TASK ITEM:
What is the number of lines in these records that hold the word "radius"? Reply with that number alone.

DATA LISTING:
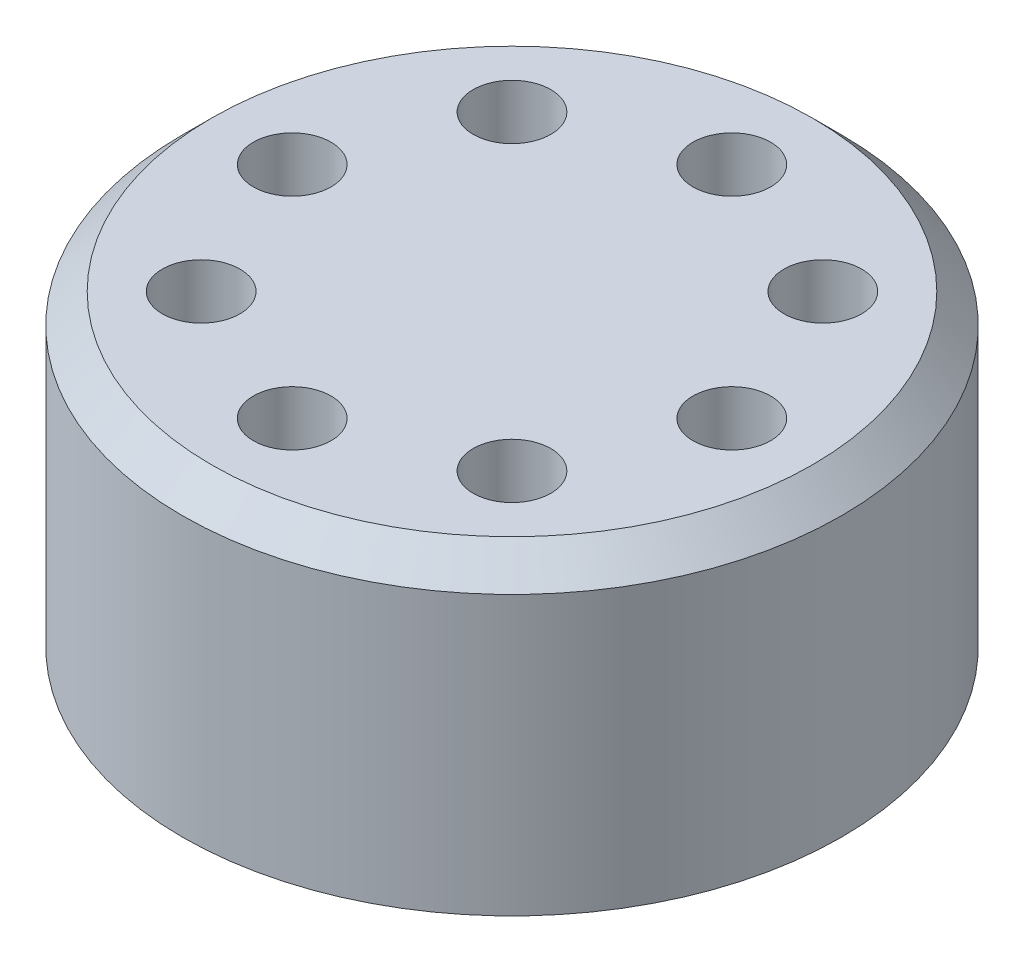
SolidWorks part; units mm, degrees
ref_plane "Front Plane" through (0, 0, 0) normal (0, 0, 1) x (1, 0, 0)
ref_plane "Top Plane" through (0, 0, 0) normal (0, 1, 0) x (1, 0, 0)
ref_plane "Right Plane" through (0, 0, 0) normal (1, 0, 0) x (0, 0, -1)
sketch "Sketch1" plane through (0, 0, 0) normal (0, 1, 0) x (1, 0, 0)
  circle A0 centre (0, 0) radius 22.5
  dimension "D1" = 45
extrude "Boss-Extrude1" add sketch "Sketch1" along normal blind 21
chamfer "Chamfer1" distance 2 angle 45 1 edges at (0, 21, 22.5)
hole_wizard "M5 Clearance Hole1" positions "Sketch2" profile "Sketch3" hole size "M5" standard "ANSI Metric" end condition through all
sketch "Sketch2" plane through (0, 21, 0) normal (0, 1, 0) x (1, 0, 0)
  line L0 (0, 0) -> (15, 0) construction
  line L2 (0, 0) -> (10.6066, 10.6066) construction
  circle A0 centre (0, 0) radius 15 construction
  point P5 (0, 15)
  point P7 (15, 0)
  point P9 (0, -15)
  point P11 (-15, 0)
  point P20 (10.6066, 10.6066)
  point P30 (10.6066, -10.6066)
  point P31 (-10.6066, -10.6066)
  point P32 (-10.6066, 10.6066)
  dimension "D1" = 30
  dimension "D2" = 45
  dimension "D3" = 4
sketch "Sketch3" plane through (-10.6066, 21, -10.6066) normal (1, 0, 0) x (0, 0, 1)
  line L0 (0, 0) -> (0, 21)
  line L1 (0, 21) -> (2.65, 21)
  line L2 (2.65, 21) -> (2.65, 0)
  line L5 (2.65, 0) -> (0, 0)
  line L11 (0, -6.35) -> (0, 107.95) construction
  dimension "Thru Hole Dia." = 5.3
  dimension "Thru Hole Depth" = 21
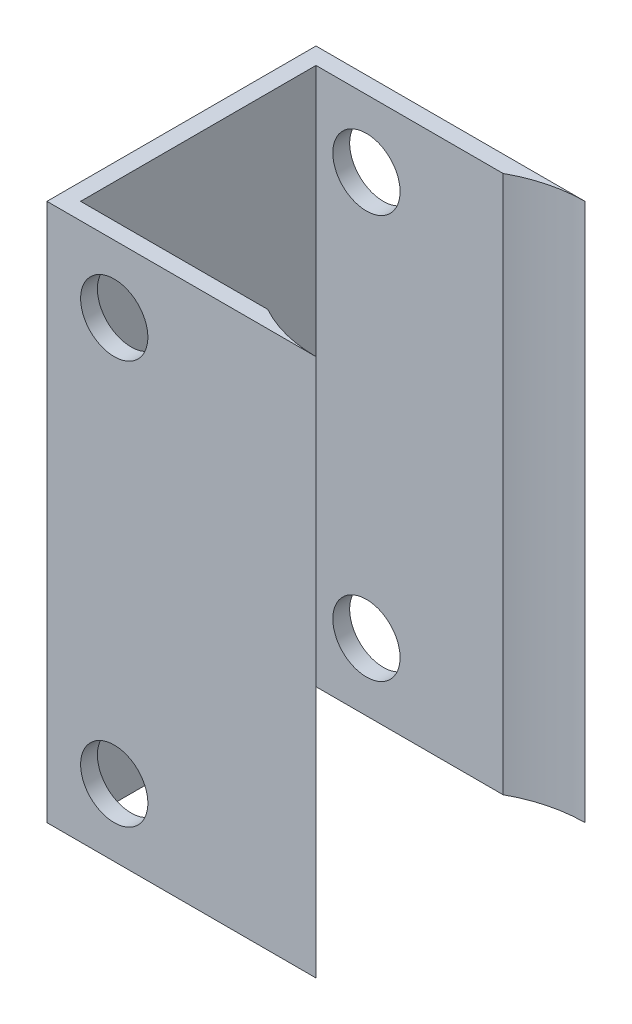
SolidWorks part; units mm, degrees
ref_plane "Front Plane" through (0, 0, 0) normal (0, 0, 1) x (1, 0, 0)
ref_plane "Top Plane" through (0, 0, 0) normal (0, 1, 0) x (1, 0, 0)
ref_plane "Right Plane" through (0, 0, 0) normal (1, 0, 0) x (0, 0, -1)
sketch "Sketch1" plane through (0, 0, 0) normal (0, 1, 0) x (1, 0, 0)
  line L1 (-12.7, 12.7) -> (12.7, 12.7)
  line L2 (-12.7, 12.7) -> (-12.7, -12.7)
  line L3 (-12.7, -12.7) -> (12.7, -12.7)
  line L4 (12.7, 12.7) -> (12.7, -12.7)
  line L5 (-12.7, 12.7) -> (12.7, -12.7) construction
  line L6 (-12.7, -12.7) -> (12.7, 12.7) construction
  line L7 (-11.1125, 11.1125) -> (11.1125, 11.1125)
  line L8 (-11.1125, 11.1125) -> (-11.1125, -11.1125)
  line L9 (-11.1125, -11.1125) -> (11.1125, -11.1125)
  line L10 (11.1125, 11.1125) -> (11.1125, -11.1125)
  line L11 (-11.1125, 11.1125) -> (11.1125, -11.1125) construction
  line L12 (-11.1125, -11.1125) -> (11.1125, 11.1125) construction
  point P0 (0, 0)
  point P6 (0, 0)
  dimension "D1" = 25.4
  dimension "D2" = 1.5875
extrude "Boss-Extrude1" add sketch "Sketch1" along normal blind 50.8
sketch "Sketch2" plane through (0, 50.8, 0) normal (0, 1, 0) x (1, 0, 0)
  line L10 (-12.7, 12.7) -> (-12.7, -12.7) construction
  circle A2 centre (12.7, 0) radius 12.7
  dimension "D1" = 25.4
extrude "Cut-Extrude1" cut sketch "Sketch2" against normal through all
sketch "Sketch3" plane through (0, 0, -12.7) normal (0, 0, -1) x (-1, 0, 0)
  line L1 (-12.7, 50.8) -> (12.7, 50.8) construction
  line L3 (12.7, 50.8) -> (12.7, 0) construction
  circle A0 centre (6.35, 44.45) radius 3.175
  circle A1 centre (6.35, 6.35) radius 3.175
  point P6 (-8.3267, 44.046)
  point P9 (0, 0)
  dimension "D1" = 38.1
  dimension "D2" = 6.35
  dimension "D3" = 6.35
extrude "Cut-Extrude2" cut sketch "Sketch3" against normal through all

FINISHED TASK:
5